The Company adopted Topic 606 effective January 1, 2018 using the modified retrospective method applying this guidance to all open contracts at the date of initial application, which resulted in an adjustment to accumulated deficit for the cumulative effect of applying this guidance.

We generate revenue primarily from providing an integrated cloud-based business management software and payments platform for the wellness services industry and, to a lesser extent, products.

The Company determines revenue recognition through the following steps:
i.
Identification of the contract, or contracts, with a customer
ii.
Identification of the performance obligations in the contract
iii.
Determination of the transaction price
iv.
Allocation of the transaction price to the performance obligations in the contract
v.
Recognition of revenue when, or as, the Company satisfies a performance obligation

The Company accounts for a contract when it has approval and commitment from both parties, the rights of the parties are identified, payment terms are identified, the contract has commercial substance and collectability of consideration is probable.

Components of revenue

The following is a description of principal activities from which the Company generates revenue. As part of the accounting for these arrangements, the Company must develop assumptions that require judgment to determine the stand-alone selling price for each performance obligation identified in the contract. Stand-alone selling prices are determined based on the prices at which the Company separately sells its services or goods.

Subscription and Services.
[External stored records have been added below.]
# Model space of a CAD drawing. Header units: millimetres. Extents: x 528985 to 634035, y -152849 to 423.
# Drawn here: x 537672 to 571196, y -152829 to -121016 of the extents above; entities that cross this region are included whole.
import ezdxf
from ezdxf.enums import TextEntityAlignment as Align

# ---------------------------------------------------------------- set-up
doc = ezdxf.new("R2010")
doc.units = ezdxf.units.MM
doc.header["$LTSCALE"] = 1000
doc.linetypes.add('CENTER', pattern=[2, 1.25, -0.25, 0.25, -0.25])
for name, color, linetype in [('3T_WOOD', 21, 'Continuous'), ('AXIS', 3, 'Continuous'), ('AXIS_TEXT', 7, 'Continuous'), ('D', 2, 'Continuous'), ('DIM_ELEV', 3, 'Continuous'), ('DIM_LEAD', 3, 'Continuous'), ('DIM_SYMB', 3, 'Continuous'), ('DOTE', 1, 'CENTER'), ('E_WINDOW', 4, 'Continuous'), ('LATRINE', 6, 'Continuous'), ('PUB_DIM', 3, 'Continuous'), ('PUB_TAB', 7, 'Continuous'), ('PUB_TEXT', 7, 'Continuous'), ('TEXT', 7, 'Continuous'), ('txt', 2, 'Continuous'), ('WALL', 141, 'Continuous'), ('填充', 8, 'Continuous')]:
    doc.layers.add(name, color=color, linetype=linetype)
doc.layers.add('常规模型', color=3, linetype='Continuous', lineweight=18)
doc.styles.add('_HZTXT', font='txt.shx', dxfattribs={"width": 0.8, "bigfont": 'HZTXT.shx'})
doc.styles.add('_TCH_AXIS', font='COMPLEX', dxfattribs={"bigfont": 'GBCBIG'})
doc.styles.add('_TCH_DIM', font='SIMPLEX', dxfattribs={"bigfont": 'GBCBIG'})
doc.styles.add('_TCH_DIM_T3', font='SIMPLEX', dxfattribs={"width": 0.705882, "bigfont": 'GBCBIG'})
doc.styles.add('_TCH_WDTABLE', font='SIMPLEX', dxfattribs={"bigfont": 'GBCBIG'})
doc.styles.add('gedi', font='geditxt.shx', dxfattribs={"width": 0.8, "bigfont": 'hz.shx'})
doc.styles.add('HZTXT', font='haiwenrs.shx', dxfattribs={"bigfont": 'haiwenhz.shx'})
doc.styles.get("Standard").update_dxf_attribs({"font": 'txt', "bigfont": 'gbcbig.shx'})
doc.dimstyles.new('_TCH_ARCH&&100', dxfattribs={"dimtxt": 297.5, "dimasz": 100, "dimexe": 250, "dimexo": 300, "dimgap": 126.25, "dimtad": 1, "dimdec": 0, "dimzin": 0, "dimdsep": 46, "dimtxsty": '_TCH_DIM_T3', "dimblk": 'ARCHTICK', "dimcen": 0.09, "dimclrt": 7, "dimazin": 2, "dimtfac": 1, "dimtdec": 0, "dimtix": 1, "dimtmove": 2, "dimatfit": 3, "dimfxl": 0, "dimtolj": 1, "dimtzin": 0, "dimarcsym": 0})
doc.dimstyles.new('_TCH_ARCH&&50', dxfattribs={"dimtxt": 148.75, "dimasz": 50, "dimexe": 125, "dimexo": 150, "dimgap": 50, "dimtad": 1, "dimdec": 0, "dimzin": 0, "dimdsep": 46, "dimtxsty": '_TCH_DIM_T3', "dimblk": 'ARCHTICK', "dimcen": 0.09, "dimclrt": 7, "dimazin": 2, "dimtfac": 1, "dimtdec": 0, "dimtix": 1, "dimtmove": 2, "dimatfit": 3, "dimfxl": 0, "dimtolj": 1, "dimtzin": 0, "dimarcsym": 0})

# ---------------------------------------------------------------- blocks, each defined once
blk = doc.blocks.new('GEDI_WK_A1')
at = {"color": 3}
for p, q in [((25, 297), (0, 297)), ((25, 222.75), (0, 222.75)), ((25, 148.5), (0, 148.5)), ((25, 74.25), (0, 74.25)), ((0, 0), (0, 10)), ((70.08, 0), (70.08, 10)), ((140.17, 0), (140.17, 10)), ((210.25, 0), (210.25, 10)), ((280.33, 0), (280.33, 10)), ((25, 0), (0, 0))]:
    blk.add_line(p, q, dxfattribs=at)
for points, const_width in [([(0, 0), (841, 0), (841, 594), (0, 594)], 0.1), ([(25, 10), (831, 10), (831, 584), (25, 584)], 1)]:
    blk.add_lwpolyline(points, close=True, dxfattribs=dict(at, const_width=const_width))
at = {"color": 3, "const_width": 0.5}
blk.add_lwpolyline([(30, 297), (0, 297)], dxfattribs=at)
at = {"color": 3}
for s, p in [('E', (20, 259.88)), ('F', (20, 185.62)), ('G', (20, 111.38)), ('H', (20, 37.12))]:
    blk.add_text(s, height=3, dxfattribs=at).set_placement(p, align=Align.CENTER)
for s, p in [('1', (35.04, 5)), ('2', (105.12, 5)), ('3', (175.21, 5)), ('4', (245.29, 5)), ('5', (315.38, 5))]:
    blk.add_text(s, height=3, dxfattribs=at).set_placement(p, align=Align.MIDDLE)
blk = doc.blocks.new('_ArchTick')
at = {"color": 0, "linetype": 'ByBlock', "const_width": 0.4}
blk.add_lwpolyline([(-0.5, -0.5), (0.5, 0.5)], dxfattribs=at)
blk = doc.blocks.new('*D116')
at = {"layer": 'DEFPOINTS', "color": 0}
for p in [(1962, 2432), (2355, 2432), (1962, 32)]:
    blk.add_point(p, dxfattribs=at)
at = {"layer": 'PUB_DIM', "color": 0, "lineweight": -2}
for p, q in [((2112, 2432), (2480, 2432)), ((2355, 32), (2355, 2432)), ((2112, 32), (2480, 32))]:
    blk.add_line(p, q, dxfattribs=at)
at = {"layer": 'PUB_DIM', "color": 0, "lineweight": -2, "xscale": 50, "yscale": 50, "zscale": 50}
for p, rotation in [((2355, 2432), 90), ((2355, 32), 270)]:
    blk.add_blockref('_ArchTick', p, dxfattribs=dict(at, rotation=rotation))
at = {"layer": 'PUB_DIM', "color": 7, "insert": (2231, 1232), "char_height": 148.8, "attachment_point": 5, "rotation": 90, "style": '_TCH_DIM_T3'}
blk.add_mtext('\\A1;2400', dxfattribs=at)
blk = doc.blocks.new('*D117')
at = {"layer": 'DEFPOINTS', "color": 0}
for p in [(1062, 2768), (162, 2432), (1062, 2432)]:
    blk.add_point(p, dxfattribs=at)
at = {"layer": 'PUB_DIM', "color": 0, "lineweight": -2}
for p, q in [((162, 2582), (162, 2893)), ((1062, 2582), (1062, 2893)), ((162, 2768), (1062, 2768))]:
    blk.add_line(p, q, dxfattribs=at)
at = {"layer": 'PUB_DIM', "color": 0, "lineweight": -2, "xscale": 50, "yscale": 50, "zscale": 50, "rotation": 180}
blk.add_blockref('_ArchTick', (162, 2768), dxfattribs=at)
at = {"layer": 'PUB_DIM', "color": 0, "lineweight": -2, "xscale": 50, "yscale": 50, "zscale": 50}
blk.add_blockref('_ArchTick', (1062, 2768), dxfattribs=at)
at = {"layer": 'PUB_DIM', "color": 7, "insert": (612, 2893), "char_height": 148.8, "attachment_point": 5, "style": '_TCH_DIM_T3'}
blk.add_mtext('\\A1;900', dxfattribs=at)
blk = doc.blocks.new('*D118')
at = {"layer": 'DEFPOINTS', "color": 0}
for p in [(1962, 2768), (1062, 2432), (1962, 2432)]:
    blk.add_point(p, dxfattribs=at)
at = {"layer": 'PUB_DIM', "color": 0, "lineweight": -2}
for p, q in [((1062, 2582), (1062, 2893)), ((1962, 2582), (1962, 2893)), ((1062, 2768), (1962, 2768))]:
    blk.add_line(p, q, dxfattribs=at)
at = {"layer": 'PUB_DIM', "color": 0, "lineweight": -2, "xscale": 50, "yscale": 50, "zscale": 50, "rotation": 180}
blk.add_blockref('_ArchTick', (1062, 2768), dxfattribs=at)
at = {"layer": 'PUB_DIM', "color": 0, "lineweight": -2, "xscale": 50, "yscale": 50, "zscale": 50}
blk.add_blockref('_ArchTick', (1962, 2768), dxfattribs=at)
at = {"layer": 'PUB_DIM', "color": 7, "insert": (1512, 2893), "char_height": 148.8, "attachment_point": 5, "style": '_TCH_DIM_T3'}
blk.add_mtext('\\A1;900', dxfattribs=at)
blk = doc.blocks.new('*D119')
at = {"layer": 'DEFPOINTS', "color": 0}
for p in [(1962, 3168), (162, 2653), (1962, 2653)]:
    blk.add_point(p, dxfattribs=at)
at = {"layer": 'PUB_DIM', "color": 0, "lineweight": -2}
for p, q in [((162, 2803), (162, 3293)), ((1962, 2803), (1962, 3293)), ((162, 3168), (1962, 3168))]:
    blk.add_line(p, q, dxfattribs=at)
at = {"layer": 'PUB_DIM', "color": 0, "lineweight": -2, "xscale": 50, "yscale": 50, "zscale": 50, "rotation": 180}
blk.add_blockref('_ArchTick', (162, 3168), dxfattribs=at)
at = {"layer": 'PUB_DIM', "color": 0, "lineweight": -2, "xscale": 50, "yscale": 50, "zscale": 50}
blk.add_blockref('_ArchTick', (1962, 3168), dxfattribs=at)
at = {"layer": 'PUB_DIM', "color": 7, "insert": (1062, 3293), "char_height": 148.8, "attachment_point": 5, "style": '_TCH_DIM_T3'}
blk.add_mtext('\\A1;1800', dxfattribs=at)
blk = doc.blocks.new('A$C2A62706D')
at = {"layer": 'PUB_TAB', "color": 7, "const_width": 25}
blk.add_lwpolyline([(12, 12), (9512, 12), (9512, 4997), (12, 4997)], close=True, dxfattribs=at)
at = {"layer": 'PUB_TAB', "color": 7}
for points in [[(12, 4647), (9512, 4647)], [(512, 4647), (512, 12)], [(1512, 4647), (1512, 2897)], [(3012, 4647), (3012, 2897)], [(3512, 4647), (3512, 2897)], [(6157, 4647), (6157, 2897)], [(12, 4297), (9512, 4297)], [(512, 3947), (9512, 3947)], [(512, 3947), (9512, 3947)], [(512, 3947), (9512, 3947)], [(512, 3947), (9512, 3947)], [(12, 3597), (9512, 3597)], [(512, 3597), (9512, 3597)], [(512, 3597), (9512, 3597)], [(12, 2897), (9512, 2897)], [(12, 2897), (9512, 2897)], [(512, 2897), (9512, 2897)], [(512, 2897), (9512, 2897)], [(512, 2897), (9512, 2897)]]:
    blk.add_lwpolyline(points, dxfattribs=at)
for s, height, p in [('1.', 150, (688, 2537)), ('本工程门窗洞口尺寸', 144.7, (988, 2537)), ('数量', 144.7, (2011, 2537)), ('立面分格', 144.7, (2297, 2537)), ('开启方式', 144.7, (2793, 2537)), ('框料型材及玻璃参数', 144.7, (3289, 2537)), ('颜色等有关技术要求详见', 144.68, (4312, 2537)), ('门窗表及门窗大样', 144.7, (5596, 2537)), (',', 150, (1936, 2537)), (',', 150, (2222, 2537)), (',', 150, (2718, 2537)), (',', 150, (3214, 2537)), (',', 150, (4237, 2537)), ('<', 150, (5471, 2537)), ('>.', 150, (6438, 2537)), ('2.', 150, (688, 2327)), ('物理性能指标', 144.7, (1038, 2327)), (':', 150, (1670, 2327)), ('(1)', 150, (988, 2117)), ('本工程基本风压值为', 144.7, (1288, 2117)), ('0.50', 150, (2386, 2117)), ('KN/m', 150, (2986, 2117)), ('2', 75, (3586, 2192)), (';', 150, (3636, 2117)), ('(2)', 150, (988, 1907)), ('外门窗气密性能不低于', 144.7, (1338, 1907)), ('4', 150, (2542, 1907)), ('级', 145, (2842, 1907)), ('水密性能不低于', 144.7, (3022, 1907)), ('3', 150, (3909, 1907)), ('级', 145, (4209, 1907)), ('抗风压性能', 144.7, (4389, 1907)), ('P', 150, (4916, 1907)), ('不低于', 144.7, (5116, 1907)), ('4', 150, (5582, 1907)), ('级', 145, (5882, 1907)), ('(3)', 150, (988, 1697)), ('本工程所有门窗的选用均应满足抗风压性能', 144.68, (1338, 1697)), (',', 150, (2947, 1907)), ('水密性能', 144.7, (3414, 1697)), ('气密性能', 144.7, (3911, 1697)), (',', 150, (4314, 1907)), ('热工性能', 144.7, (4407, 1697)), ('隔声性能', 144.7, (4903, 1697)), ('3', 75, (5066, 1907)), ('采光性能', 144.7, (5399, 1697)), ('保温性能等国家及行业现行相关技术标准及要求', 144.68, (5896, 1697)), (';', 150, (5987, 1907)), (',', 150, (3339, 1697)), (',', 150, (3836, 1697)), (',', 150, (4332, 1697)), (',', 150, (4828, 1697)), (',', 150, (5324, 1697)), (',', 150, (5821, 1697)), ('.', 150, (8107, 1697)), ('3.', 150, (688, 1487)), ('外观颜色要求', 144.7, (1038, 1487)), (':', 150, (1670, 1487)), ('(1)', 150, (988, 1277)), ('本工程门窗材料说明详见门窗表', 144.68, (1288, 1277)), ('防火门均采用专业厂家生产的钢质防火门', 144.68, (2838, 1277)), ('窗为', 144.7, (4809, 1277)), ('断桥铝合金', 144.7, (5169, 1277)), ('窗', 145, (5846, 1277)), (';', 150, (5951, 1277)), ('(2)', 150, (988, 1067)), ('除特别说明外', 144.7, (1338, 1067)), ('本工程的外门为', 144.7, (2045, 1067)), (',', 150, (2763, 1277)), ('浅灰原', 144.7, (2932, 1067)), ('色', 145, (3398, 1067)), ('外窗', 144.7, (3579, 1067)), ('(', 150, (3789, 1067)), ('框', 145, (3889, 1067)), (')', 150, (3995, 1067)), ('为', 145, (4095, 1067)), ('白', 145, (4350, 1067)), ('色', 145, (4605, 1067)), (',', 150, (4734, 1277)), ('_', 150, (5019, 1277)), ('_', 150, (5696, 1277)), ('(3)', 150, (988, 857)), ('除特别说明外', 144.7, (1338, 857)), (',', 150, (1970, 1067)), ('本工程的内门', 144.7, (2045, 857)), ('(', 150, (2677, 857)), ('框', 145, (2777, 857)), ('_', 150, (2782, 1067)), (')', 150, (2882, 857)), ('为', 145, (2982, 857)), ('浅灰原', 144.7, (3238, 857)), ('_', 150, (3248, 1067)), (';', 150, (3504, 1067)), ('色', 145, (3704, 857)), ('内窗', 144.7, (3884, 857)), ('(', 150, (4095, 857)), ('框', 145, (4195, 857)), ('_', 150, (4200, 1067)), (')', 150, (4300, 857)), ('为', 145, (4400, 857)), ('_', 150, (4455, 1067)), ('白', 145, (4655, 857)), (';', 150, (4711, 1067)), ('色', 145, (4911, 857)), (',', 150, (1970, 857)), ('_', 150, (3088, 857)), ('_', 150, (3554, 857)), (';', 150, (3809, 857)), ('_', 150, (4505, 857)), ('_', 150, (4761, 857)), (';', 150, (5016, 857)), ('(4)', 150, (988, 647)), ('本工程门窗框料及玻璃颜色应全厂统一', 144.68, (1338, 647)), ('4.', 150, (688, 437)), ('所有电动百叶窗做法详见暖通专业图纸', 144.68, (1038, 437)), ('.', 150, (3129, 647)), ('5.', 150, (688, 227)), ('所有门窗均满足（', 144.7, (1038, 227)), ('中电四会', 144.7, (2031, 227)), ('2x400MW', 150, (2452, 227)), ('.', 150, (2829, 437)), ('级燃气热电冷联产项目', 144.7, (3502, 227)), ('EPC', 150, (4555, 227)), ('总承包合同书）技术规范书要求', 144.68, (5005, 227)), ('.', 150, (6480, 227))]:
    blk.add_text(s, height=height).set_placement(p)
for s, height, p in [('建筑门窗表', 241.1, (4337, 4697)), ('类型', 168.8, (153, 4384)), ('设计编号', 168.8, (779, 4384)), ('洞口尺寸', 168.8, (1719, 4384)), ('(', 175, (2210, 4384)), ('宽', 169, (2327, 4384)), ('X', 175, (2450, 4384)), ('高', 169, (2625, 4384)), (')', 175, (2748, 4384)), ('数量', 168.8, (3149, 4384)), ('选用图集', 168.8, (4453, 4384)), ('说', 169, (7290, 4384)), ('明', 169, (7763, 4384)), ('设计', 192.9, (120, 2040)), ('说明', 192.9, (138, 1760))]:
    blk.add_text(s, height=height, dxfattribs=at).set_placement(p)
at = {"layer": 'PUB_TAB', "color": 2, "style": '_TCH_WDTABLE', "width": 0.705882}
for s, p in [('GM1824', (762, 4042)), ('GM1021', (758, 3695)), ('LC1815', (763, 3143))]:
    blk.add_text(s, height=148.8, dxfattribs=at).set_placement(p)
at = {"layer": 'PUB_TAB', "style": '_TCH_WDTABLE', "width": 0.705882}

Subscription and services revenue is generated primarily from sales of subscriptions to the Company’s cloud-based business management software for the wellness services industry. The majority of the subscription fees are prepaid by customers on a monthly basis. The Company has concluded that each promised service is delivered concurrently with all other promised services over the contract term and, as such, has concluded that these promises are a single performance obligation that includes a series of distinct services that have the same pattern of transfer to the customer. The use of the cloud-based bundle and premium services is a stand-ready obligation to provide access to the Company’s cloud-based offering and related services over the contract term. Customers simultaneously receive and consume the benefit from the Company’s stand-ready obligation to perform these services. For subscription and service contracts, the period of time over which the Company is performing is commensurate with the contract term because that is the period during which the Company has an obligation to provide the service. The performance obligation is recognized on a time elapsed basis, by month for which the services are provided, as the Company transfers control evenly over the contractual period.

Additionally, the Company’s customers can choose to enter into a separate contract with its technology partners to purchase additional services for which the technology partner is the principal. The Company satisfies its stand-ready performance obligation by providing technology partners access to its platform for usage-based contracts. The transaction price includes variable consideration which is allocated to the series of distinct services the Company is providing each day. The variability is resolved as the performance of distinct services are satisfied and any remaining variability is allocated to unsatisfied performance obligations.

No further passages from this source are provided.